Over the next few months we continued to reach out to friends and family to write letters and did as much networking via social media as we could. The new chapter started holding monthly meetings and hoped to get some local interest in ICAN and fighting the ban. Also during these months news came that a different hospital would be closing their maternity department entirely. Since this time, three other hospitals have closed their maternity departments, funneling birthing mothers to the tertiary hospital an hour away. Options seemed to be diminishing for families in the area – until August 2013 when the almost miraculous news came in that the VBAC ban had been lifted.
There was little word about the ban before it was reversed.
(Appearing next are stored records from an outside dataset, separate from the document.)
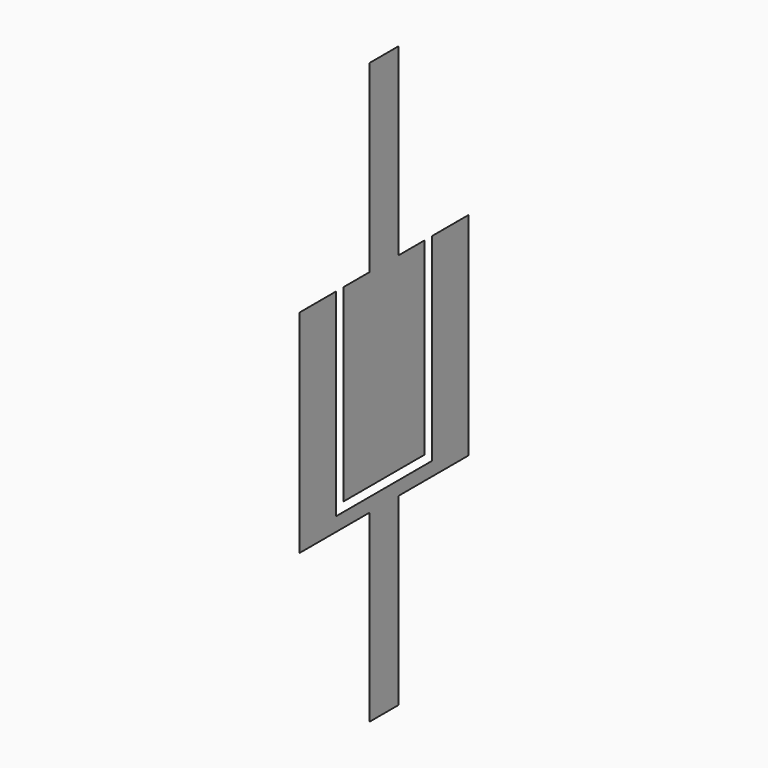
from build123d import *

# Parameters (mm, degrees)
F1_DEPTH = 0.0012


# Not quite as in the source:
# - a feature names something its author has since deleted; it is built from what else it names


with BuildPart() as f1:
    # F0 (on Right) → F1 (new body)
    with BuildSketch(Plane.YZ):
        Polygon((6.5217, 0), (0, 0), (0, -30), (12, -30), (12.39, -30), (12.39, -51.0653850647), (12.39, -56.0869), (17.61, -56.0869), (17.61, -30), (30, -30), (30, 0), (23.4783, 0), (23.4783, -28.04349), (7.82604, -28.04349), (6.5217, -28.04349), align=None)
    extrude(amount=F1_DEPTH)


with BuildPart() as f1b:
    # F0 (on Right) → F1, piece 2 (new body)
    with BuildSketch(Plane.YZ):
        Polygon((12.3913, 0), (11.4456, 0), (9, 0), (7.82604, 0), (7.82604, -26.73915), (22.17396, -26.73915), (22.17396, 0), (17.6113, 0), (17.6113, 26.0869), (12.3913, 26.0869), align=None)
    extrude(amount=F1_DEPTH)


solid = Compound([f1.part, f1b.part])

Things were really quiet for months before the news came through. It seems that the Amish community did most of the fighting. Two women came to the hospital in labor and quietly but powerfully declined repeat cesareans. They were treated respectfully by all staff, and both had successful VBACs attended by their midwife with the support of an attending physician. Soon after those births, the ban was lifted. Providers, anesthesia and nursing finally worked together to ensure the safest coverage for those desiring VBAC, advocating the lift of the ban at every staff meeting.
Our local ICAN chapters took all the steps we could to bring attention to the ban and did our best to get the community involved, and in the end it worked.
Keeping the ball rolling was the difficult part and ICAN’s board of directors and legal counsel provided the Amish mothers a voice and informed them of their options, because it really appears that they were the ones who fought the hardest.
Because of that fight the women in Western Pennsylvania have their option to birth their babies safely in a supported hospital environment. Although some women were caught unfairly in that painful period, and there’s no good excuse for that, finally common sense and autonomy prevailed!